ITEM 7. MANAGEMENT’S DISCUSSION AND ANALYSIS OF FINANCIAL CONDITION AND RESULTS OF OPERATIONS.
You should read the following discussion and analysis of our financial condition and results of operations in conjunction with our audited financial statements and the notes related thereto which are included in “Item 8. Financial Statements and Supplementary Data” of this annual report on Form 10-K. Certain information contained in the discussion and analysis set forth below includes forward-looking statements. Our actual results may differ materially from those anticipated in these forward-looking statements as a result of many factors, including those set forth under “Special Note Regarding Forward-Looking Statements,” “Item 1A. Risk Factors” and elsewhere in this annual report on Form 10-K.
Overview
We are a blank check company incorporated in the Cayman Islands on May 22, 2024, formed for the purpose of effecting a business combination. Our Sponsor is Fifth Era Acquisition Sponsor I LLC.
Although we are not limited to a particular industry or sector for the purpose of consummating the business combination, we are focusing our search on technology enabled businesses in a diverse range of areas including, internet, enterprise technology, software, including artificial intelligence, fintech, and blockchain. We are an early stage and emerging growth company, and, as such, we are subject to all of the risks associated with early stage and emerging growth companies.
On March 3, 2025, we consummated our IPO of 23,000,000 Units, including 3,000,000 Units issued pursuant to the full exercise of the underwriters’ over-allotment option. Each Unit consists of one Public Share and one-tenth of one Share Right. The Units were sold at a price of $10.00 per Unit, generating gross proceeds to us of $230,000,000.

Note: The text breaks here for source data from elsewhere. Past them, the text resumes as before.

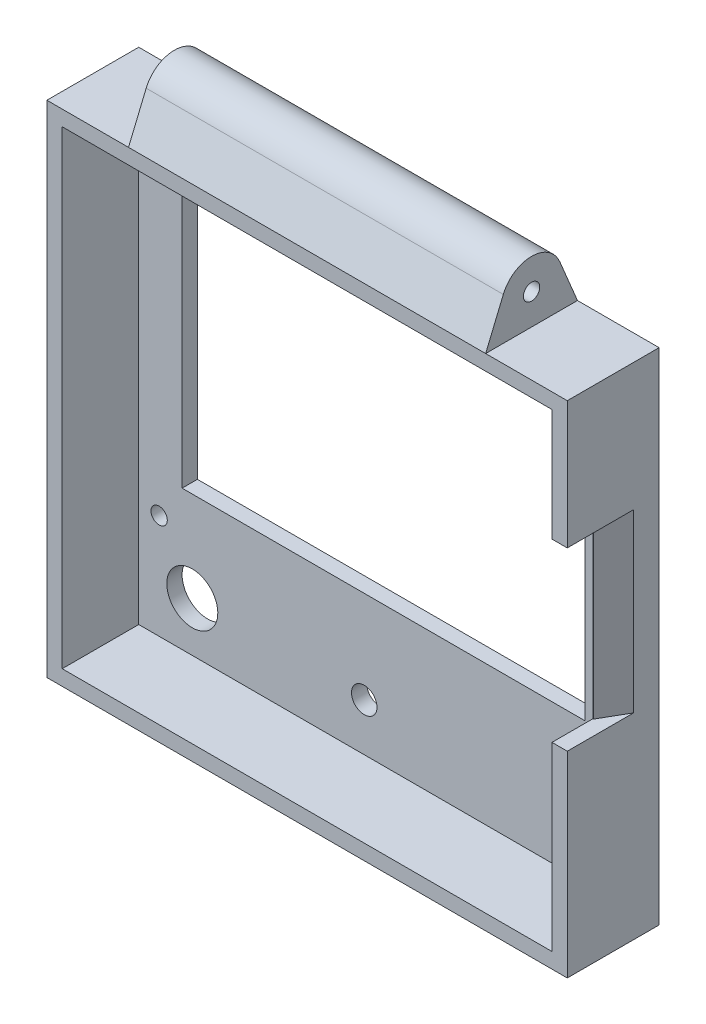
ISO-10303-21;
HEADER;
FILE_DESCRIPTION(('STEP AP214'),'2;1');
FILE_NAME('part.step','',(''),(''),'','','');
FILE_SCHEMA(('AUTOMOTIVE_DESIGN { 1 0 10303 214 1 1 1 1 }'));
ENDSEC;
DATA;
#1=APPLICATION_CONTEXT('core data for automotive mechanical design processes');
#2=APPLICATION_PROTOCOL_DEFINITION('international standard','automotive_design',2000,#1);
#3=PRODUCT_CONTEXT('',#1,'mechanical');
#4=PRODUCT('Part','Part','',(#3));
#5=PRODUCT_RELATED_PRODUCT_CATEGORY('part','',(#4));
#6=PRODUCT_DEFINITION_FORMATION('','',#4);
#7=PRODUCT_DEFINITION_CONTEXT('part definition',#1,'design');
#8=PRODUCT_DEFINITION('design','',#6,#7);
#9=PRODUCT_DEFINITION_SHAPE('','',#8);
#10=(LENGTH_UNIT() NAMED_UNIT(*) SI_UNIT(.MILLI.,.METRE.));
#11=(NAMED_UNIT(*) PLANE_ANGLE_UNIT() SI_UNIT($,.RADIAN.));
#12=(NAMED_UNIT(*) SI_UNIT($,.STERADIAN.) SOLID_ANGLE_UNIT());
#13=UNCERTAINTY_MEASURE_WITH_UNIT(LENGTH_MEASURE(1.E-05),#10,'distance_accuracy_value','');
#14=(GEOMETRIC_REPRESENTATION_CONTEXT(3) GLOBAL_UNCERTAINTY_ASSIGNED_CONTEXT((#13)) GLOBAL_UNIT_ASSIGNED_CONTEXT((#10,
#11,#12)) REPRESENTATION_CONTEXT('',''));
#15=CARTESIAN_POINT('',(0.,0.,0.));
#16=DIRECTION('',(0.,0.,1.));
#17=DIRECTION('',(1.,0.,0.));
#18=AXIS2_PLACEMENT_3D('',#15,#16,#17);
#19=CARTESIAN_POINT('',(51.,98.,0.));
#20=DIRECTION('',(0.,0.,-1.));
#21=DIRECTION('',(0.,1.,0.));
#22=AXIS2_PLACEMENT_3D('',#19,#20,#21);
#23=PLANE('',#22);
#24=DIRECTION('',(0.,-1.,0.));
#25=VECTOR('',#24,1.);
#26=CARTESIAN_POINT('',(48.,98.,0.));
#27=LINE('',#26,#25);
#28=CARTESIAN_POINT('',(48.,95.,0.));
#29=VERTEX_POINT('',#28);
#30=CARTESIAN_POINT('',(48.,73.,0.));
#31=VERTEX_POINT('',#30);
#32=EDGE_CURVE('E377',#29,#31,#27,.T.);
#33=ORIENTED_EDGE('',*,*,#32,.T.);
#34=DIRECTION('',(1.,0.,0.));
#35=VECTOR('',#34,1.);
#36=CARTESIAN_POINT('',(41.,73.,0.));
#37=LINE('',#36,#35);
#38=CARTESIAN_POINT('',(51.,73.,0.));
#39=VERTEX_POINT('',#38);
#40=EDGE_CURVE('E258',#31,#39,#37,.T.);
#41=ORIENTED_EDGE('',*,*,#40,.T.);
#42=DIRECTION('',(0.,-1.,0.));
#43=VECTOR('',#42,1.);
#44=CARTESIAN_POINT('',(51.,98.,0.));
#45=LINE('',#44,#43);
#46=CARTESIAN_POINT('',(51.,98.,0.));
#47=VERTEX_POINT('',#46);
#48=EDGE_CURVE('E194',#47,#39,#45,.T.);
#49=ORIENTED_EDGE('',*,*,#48,.F.);
#50=DIRECTION('',(-1.,0.,0.));
#51=VECTOR('',#50,1.);
#52=CARTESIAN_POINT('',(51.,98.,0.));
#53=LINE('',#52,#51);
#54=CARTESIAN_POINT('',(35.,98.,0.));
#55=VERTEX_POINT('',#54);
#56=EDGE_CURVE('E214',#47,#55,#53,.T.);
#57=ORIENTED_EDGE('',*,*,#56,.T.);
#58=CARTESIAN_POINT('',(-35.,98.,0.));
#59=VERTEX_POINT('',#58);
#60=EDGE_CURVE('E209',#55,#59,#53,.T.);
#61=ORIENTED_EDGE('',*,*,#60,.T.);
#62=DIRECTION('',(-1.,0.,0.));
#63=VECTOR('',#62,1.);
#64=CARTESIAN_POINT('',(-35.,98.,0.));
#65=LINE('',#64,#63);
#66=CARTESIAN_POINT('',(-51.,98.,0.));
#67=VERTEX_POINT('',#66);
#68=EDGE_CURVE('E262',#59,#67,#65,.T.);
#69=ORIENTED_EDGE('',*,*,#68,.T.);
#70=DIRECTION('',(0.,-1.,0.));
#71=VECTOR('',#70,1.);
#72=CARTESIAN_POINT('',(-51.,98.,0.));
#73=LINE('',#72,#71);
#74=CARTESIAN_POINT('',(-51.,0.,0.));
#75=VERTEX_POINT('',#74);
#76=EDGE_CURVE('E210',#67,#75,#73,.T.);
#77=ORIENTED_EDGE('',*,*,#76,.T.);
#78=DIRECTION('',(-1.,0.,0.));
#79=VECTOR('',#78,1.);
#80=CARTESIAN_POINT('',(51.,0.,0.));
#81=LINE('',#80,#79);
#82=CARTESIAN_POINT('',(51.,0.,0.));
#83=VERTEX_POINT('',#82);
#84=EDGE_CURVE('E193',#83,#75,#81,.T.);
#85=ORIENTED_EDGE('',*,*,#84,.F.);
#86=CARTESIAN_POINT('',(51.,38.5,0.));
#87=VERTEX_POINT('',#86);
#88=EDGE_CURVE('E183',#87,#83,#45,.T.);
#89=ORIENTED_EDGE('',*,*,#88,.F.);
#90=DIRECTION('',(1.,0.,0.));
#91=VECTOR('',#90,1.);
#92=CARTESIAN_POINT('',(41.,38.5,0.));
#93=LINE('',#92,#91);
#94=CARTESIAN_POINT('',(48.,38.5,0.));
#95=VERTEX_POINT('',#94);
#96=EDGE_CURVE('E173',#95,#87,#93,.T.);
#97=ORIENTED_EDGE('',*,*,#96,.F.);
#98=CARTESIAN_POINT('',(48.,3.,0.));
#99=VERTEX_POINT('',#98);
#100=EDGE_CURVE('E386',#95,#99,#27,.T.);
#101=ORIENTED_EDGE('',*,*,#100,.T.);
#102=DIRECTION('',(-1.,0.,0.));
#103=VECTOR('',#102,1.);
#104=CARTESIAN_POINT('',(51.,3.,0.));
#105=LINE('',#104,#103);
#106=CARTESIAN_POINT('',(-48.,3.,0.));
#107=VERTEX_POINT('',#106);
#108=EDGE_CURVE('E212',#99,#107,#105,.T.);
#109=ORIENTED_EDGE('',*,*,#108,.T.);
#110=DIRECTION('',(0.,-1.,0.));
#111=VECTOR('',#110,1.);
#112=CARTESIAN_POINT('',(-48.,98.,0.));
#113=LINE('',#112,#111);
#114=CARTESIAN_POINT('',(-48.,95.,0.));
#115=VERTEX_POINT('',#114);
#116=EDGE_CURVE('E203',#115,#107,#113,.T.);
#117=ORIENTED_EDGE('',*,*,#116,.F.);
#118=DIRECTION('',(-1.,0.,0.));
#119=VECTOR('',#118,1.);
#120=CARTESIAN_POINT('',(51.,95.,0.));
#121=LINE('',#120,#119);
#122=EDGE_CURVE('E382',#29,#115,#121,.T.);
#123=ORIENTED_EDGE('',*,*,#122,.F.);
#124=EDGE_LOOP('',(#33,#41,#49,#57,#61,#69,#77,#85,#89,#97,#101,#109,#117,#123));
#125=FACE_BOUND('',#124,.T.);
#126=ADVANCED_FACE('F33',(#125),#23,.F.);
#127=CARTESIAN_POINT('',(51.,0.,0.));
#128=DIRECTION('',(0.,1.,0.));
#129=DIRECTION('',(0.,0.,1.));
#130=AXIS2_PLACEMENT_3D('',#127,#128,#129);
#131=PLANE('',#130);
#132=DIRECTION('',(0.,0.,-1.));
#133=VECTOR('',#132,1.);
#134=CARTESIAN_POINT('',(-51.,0.,0.));
#135=LINE('',#134,#133);
#136=CARTESIAN_POINT('',(-51.,0.,-18.));
#137=VERTEX_POINT('',#136);
#138=EDGE_CURVE('E199',#75,#137,#135,.T.);
#139=ORIENTED_EDGE('',*,*,#138,.T.);
#140=DIRECTION('',(-1.,0.,0.));
#141=VECTOR('',#140,1.);
#142=CARTESIAN_POINT('',(51.,0.,-18.));
#143=LINE('',#142,#141);
#144=CARTESIAN_POINT('',(51.,0.,-18.));
#145=VERTEX_POINT('',#144);
#146=EDGE_CURVE('E221',#145,#137,#143,.T.);
#147=ORIENTED_EDGE('',*,*,#146,.F.);
#148=DIRECTION('',(0.,0.,-1.));
#149=VECTOR('',#148,1.);
#150=CARTESIAN_POINT('',(51.,0.,0.));
#151=LINE('',#150,#149);
#152=EDGE_CURVE('E197',#83,#145,#151,.T.);
#153=ORIENTED_EDGE('',*,*,#152,.F.);
#154=ORIENTED_EDGE('',*,*,#84,.T.);
#155=EDGE_LOOP('',(#139,#147,#153,#154));
#156=FACE_BOUND('',#155,.T.);
#157=ADVANCED_FACE('F443',(#156),#131,.F.);
#158=CARTESIAN_POINT('',(51.,0.,-18.));
#159=DIRECTION('',(0.,0.,1.));
#160=DIRECTION('',(0.,-1.,0.));
#161=AXIS2_PLACEMENT_3D('',#158,#159,#160);
#162=PLANE('',#161);
#163=CARTESIAN_POINT('',(-3.79999999999999,12.3,-18.));
#164=DIRECTION('',(0.,0.,-1.));
#165=DIRECTION('',(-1.,0.,0.));
#166=AXIS2_PLACEMENT_3D('',#163,#164,#165);
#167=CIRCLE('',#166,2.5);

Simultaneously with the closing of the IPO and pursuant to the private placement units purchase agreements, attached as Exhibit 10.4 and 10.5 hereto, we completed the sale of an aggregate of 600,000 Private Placement Units to the Sponsor and Cantor in the Private Placement at a purchase price of $10.00 per Private Placement Unit, generating gross proceeds to us of $6,000,000. Of those 600,000 Private Placement Units, the Sponsor purchased 380,000 Private Placement Units and Cantor purchased 220,000 Private Placement Units. The Private Placement Units (and underlying securities) are identical to the Units, except as otherwise disclosed in the IPO registration statement.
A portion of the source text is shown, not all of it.